Your response should be the lines from the one holding "189.1l.3 1.4 .7-1.4M200.5" to the last line of the data below, copied exactly and with no additions.

(Collected data)
- - -

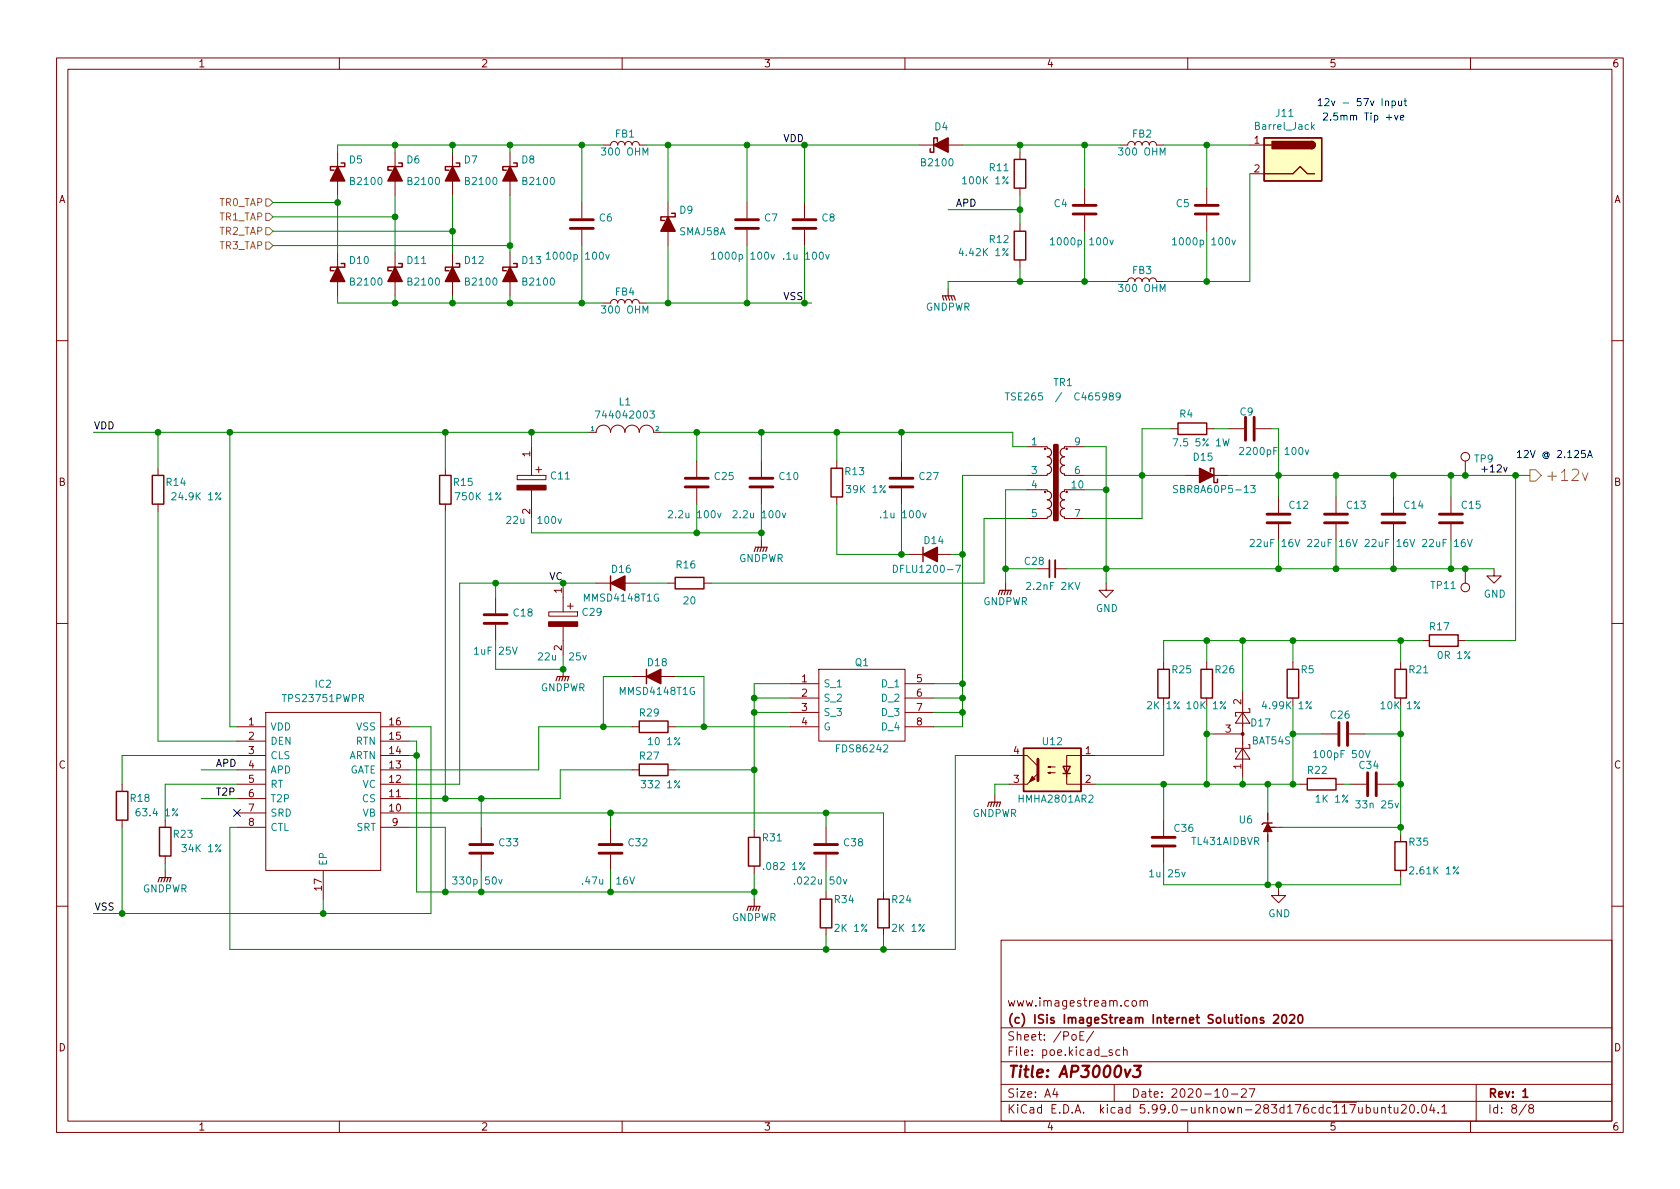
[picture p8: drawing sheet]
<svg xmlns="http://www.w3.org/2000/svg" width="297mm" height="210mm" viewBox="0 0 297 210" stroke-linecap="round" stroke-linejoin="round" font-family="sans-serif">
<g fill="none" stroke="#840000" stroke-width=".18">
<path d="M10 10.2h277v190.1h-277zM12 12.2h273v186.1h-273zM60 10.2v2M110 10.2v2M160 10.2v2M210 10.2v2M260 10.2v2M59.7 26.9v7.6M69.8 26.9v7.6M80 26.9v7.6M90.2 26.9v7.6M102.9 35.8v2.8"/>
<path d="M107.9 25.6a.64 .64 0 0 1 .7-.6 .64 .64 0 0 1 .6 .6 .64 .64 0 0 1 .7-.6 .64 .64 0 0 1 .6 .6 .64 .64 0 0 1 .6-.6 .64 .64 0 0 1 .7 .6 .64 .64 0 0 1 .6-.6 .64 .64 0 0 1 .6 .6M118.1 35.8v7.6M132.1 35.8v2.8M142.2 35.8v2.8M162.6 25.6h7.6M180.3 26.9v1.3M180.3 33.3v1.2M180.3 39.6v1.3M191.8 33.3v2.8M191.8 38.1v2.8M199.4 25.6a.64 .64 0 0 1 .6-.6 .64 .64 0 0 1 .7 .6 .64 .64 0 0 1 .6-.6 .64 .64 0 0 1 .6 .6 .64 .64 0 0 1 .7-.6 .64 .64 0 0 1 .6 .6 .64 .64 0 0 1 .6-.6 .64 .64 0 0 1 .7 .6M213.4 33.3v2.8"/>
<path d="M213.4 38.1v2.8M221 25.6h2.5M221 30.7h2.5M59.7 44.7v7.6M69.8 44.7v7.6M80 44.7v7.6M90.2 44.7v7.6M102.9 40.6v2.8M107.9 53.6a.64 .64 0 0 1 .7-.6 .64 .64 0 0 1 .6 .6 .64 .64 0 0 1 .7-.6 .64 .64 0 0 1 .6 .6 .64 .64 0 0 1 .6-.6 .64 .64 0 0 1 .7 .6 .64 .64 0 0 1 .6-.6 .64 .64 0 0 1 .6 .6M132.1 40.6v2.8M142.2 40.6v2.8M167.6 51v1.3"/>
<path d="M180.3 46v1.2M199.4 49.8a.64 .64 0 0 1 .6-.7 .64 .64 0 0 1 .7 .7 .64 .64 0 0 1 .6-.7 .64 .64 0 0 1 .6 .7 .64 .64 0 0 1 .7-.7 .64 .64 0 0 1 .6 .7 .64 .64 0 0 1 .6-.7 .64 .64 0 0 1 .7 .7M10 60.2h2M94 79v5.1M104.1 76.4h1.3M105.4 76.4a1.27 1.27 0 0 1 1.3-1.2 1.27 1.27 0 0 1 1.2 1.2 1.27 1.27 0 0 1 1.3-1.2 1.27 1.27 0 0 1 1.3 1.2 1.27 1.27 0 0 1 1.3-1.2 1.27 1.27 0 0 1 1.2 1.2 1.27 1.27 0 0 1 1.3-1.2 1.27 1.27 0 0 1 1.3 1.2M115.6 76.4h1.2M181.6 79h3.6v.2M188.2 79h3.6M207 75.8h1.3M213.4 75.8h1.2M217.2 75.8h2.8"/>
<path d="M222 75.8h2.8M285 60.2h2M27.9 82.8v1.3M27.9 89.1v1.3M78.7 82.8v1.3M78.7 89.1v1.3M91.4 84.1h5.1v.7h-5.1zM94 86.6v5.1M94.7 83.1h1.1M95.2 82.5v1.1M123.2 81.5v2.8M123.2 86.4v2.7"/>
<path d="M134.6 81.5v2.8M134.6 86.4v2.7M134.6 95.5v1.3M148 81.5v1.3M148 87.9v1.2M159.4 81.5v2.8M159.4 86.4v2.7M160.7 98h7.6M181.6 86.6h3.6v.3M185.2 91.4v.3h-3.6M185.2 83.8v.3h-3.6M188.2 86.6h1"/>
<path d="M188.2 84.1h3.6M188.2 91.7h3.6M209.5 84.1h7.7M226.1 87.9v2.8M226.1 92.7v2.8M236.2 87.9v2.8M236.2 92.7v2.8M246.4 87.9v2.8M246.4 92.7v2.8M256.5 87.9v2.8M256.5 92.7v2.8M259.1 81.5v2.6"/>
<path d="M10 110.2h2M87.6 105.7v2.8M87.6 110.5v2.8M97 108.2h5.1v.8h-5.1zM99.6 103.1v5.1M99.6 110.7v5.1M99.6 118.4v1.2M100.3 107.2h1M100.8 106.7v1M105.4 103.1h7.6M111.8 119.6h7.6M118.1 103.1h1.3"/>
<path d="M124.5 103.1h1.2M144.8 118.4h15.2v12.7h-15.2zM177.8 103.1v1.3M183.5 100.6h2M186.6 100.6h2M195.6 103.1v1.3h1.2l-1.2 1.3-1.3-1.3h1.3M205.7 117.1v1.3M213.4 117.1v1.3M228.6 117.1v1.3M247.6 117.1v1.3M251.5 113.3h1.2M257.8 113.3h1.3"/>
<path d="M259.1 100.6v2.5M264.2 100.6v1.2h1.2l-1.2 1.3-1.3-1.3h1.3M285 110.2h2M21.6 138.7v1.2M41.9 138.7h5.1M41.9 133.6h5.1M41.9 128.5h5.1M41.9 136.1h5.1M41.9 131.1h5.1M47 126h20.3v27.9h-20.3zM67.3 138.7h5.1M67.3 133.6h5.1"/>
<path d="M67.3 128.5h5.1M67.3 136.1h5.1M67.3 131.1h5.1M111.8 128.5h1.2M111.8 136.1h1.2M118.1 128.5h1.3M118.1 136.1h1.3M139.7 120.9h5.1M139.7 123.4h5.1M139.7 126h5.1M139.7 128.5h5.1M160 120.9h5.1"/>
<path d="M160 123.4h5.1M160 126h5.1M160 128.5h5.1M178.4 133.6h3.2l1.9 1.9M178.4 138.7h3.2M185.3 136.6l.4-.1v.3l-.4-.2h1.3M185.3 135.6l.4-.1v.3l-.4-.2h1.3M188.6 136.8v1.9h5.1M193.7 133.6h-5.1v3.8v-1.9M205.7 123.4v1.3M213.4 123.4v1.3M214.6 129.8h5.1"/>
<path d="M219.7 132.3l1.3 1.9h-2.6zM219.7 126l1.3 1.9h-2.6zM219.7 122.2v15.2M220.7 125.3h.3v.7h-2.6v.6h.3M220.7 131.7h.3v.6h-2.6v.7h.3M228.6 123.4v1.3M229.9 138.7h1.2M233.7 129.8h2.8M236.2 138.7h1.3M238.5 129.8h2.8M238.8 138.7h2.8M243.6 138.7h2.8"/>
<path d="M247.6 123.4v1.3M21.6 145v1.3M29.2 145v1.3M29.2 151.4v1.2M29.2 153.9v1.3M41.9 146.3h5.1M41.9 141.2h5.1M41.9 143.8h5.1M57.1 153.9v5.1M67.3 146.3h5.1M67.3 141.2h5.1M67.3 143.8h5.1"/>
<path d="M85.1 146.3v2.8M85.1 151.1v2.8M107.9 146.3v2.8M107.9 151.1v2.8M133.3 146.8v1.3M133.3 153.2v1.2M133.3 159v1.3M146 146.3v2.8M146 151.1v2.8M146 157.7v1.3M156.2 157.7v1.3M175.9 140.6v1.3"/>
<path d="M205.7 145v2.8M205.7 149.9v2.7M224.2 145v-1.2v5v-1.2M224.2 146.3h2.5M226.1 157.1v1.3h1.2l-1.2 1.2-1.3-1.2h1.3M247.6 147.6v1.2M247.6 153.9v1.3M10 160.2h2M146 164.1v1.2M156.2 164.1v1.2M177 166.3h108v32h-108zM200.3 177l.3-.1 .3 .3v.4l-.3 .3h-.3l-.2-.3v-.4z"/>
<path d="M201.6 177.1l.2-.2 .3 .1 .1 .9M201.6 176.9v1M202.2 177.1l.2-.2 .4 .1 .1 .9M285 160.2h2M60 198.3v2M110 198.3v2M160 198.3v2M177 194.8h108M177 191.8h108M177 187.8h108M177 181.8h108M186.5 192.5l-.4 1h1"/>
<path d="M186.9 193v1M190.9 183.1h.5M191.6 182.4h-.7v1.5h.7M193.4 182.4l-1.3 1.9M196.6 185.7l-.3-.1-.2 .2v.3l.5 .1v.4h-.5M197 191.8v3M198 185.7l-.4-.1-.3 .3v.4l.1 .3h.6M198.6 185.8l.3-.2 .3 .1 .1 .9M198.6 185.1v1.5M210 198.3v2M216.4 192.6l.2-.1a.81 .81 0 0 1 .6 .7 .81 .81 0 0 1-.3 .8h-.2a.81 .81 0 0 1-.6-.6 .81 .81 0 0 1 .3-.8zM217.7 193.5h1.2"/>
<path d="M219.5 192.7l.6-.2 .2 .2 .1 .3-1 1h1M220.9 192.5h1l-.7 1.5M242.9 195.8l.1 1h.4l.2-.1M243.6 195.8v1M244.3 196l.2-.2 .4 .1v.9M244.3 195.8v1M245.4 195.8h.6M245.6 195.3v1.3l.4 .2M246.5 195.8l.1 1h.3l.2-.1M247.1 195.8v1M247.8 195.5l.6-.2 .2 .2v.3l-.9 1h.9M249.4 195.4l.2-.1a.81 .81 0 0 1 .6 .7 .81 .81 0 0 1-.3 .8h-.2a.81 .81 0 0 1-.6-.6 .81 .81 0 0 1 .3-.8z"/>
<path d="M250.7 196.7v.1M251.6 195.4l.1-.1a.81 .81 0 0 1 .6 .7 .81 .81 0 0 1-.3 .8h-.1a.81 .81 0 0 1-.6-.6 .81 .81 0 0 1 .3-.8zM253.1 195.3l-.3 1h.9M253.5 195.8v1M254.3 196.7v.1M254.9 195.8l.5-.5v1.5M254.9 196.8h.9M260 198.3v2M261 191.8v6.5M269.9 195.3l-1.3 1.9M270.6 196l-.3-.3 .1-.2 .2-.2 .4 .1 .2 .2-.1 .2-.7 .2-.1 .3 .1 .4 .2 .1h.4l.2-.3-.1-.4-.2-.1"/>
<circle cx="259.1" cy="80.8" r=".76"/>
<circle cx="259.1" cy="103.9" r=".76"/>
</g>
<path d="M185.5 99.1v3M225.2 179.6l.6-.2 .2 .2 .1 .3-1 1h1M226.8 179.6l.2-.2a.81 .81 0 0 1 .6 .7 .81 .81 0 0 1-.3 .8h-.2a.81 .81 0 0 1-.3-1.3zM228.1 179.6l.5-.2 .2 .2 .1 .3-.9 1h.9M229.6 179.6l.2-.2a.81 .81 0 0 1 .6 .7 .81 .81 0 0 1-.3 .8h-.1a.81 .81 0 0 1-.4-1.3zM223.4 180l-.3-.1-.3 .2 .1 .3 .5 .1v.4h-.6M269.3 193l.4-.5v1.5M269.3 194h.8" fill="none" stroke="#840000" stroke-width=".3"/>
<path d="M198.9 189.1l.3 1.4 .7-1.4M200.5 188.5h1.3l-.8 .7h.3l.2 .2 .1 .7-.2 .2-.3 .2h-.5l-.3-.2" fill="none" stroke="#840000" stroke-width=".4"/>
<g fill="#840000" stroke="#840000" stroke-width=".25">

- - -

→ **PROBLEM SOLUTION**:
<path d="M198.9 189.1l.3 1.4 .7-1.4M200.5 188.5h1.3l-.8 .7h.3l.2 .2 .1 .7-.2 .2-.3 .2h-.5l-.3-.2" fill="none" stroke="#840000" stroke-width=".4"/>
<g fill="#840000" stroke="#840000" stroke-width=".25">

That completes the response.